Task objective: For every line in the data below, check for the word "Creator", then state how many lines have it. Answer with the number only.

*****

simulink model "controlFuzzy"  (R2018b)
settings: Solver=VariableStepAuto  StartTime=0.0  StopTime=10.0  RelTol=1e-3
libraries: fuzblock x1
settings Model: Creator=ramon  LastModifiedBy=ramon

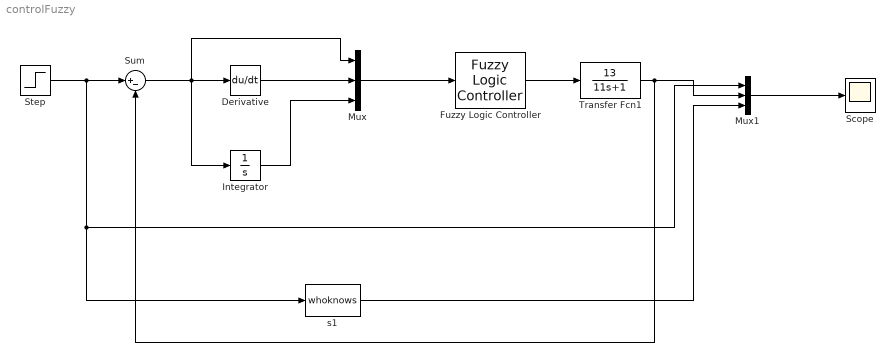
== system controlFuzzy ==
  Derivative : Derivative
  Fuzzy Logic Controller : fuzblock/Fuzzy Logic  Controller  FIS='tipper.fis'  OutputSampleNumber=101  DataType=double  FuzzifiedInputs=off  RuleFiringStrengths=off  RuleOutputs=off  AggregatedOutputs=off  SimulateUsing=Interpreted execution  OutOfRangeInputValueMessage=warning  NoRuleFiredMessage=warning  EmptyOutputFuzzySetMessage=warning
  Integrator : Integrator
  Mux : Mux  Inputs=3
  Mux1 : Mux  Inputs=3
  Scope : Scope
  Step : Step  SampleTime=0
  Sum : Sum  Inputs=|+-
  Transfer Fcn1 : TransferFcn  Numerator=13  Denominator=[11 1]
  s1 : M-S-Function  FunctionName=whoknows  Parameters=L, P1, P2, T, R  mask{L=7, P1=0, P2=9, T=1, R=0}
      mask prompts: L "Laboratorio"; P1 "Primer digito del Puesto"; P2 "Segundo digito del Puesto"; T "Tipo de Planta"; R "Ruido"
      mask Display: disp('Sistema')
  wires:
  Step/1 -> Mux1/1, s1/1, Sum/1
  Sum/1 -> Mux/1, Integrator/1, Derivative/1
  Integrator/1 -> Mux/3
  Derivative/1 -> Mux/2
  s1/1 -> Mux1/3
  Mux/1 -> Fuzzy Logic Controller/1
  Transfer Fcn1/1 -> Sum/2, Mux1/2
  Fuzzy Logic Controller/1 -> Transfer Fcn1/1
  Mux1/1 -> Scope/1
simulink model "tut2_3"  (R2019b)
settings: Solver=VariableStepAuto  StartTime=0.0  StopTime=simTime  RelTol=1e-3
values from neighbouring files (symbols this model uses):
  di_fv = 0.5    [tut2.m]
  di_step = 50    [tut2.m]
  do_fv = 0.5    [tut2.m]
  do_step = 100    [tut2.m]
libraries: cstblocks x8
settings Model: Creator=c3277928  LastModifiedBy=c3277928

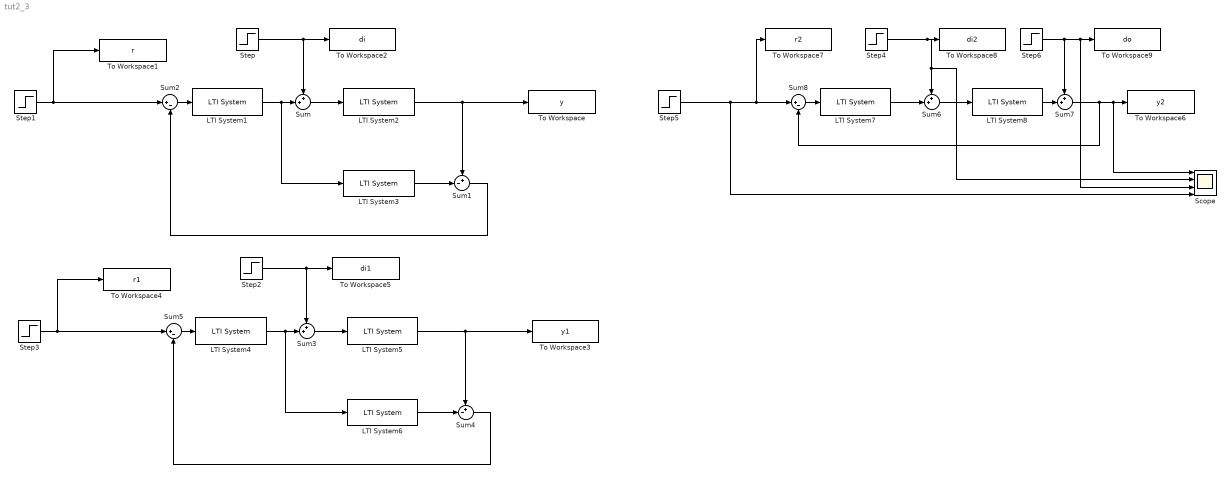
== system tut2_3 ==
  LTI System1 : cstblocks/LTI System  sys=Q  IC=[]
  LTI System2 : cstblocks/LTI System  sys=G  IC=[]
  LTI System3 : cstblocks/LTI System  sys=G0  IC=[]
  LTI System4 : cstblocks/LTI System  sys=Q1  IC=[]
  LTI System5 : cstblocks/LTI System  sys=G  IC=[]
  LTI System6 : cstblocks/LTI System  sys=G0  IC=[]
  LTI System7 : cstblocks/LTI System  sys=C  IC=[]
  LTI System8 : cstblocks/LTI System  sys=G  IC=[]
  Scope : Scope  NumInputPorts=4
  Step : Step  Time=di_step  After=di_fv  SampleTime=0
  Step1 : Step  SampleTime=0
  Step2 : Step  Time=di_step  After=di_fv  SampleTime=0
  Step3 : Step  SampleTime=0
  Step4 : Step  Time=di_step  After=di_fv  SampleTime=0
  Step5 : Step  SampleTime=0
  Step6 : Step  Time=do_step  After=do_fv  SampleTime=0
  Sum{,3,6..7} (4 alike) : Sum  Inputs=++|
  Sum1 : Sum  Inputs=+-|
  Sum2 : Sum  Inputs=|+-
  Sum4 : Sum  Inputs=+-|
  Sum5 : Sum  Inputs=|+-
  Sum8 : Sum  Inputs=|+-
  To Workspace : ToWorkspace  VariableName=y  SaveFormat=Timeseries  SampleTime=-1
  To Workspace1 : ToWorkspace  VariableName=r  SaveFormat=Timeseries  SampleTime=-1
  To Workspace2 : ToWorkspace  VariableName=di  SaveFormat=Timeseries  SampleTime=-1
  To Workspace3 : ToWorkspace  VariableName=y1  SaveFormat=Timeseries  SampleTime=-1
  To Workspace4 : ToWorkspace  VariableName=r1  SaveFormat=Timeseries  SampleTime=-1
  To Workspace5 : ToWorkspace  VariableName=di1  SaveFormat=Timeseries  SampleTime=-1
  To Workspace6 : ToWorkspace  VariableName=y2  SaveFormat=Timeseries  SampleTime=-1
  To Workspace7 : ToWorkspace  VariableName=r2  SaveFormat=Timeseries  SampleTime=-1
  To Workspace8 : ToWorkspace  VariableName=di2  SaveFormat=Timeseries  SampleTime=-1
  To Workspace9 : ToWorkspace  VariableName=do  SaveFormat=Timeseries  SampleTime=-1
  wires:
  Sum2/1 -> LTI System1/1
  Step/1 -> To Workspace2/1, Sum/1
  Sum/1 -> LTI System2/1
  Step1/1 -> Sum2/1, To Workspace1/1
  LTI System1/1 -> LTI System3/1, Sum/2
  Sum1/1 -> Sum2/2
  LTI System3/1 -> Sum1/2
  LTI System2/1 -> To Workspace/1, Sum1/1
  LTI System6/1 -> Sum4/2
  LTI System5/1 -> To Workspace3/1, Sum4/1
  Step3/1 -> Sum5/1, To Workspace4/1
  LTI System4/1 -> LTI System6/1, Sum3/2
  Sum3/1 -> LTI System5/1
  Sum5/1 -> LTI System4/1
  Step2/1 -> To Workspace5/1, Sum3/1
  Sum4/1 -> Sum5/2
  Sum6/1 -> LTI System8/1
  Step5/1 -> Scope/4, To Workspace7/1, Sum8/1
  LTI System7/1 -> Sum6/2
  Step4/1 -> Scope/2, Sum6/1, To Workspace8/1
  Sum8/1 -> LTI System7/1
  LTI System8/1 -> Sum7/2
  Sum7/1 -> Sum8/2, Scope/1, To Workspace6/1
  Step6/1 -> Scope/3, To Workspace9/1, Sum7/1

*****

Exercise response: 2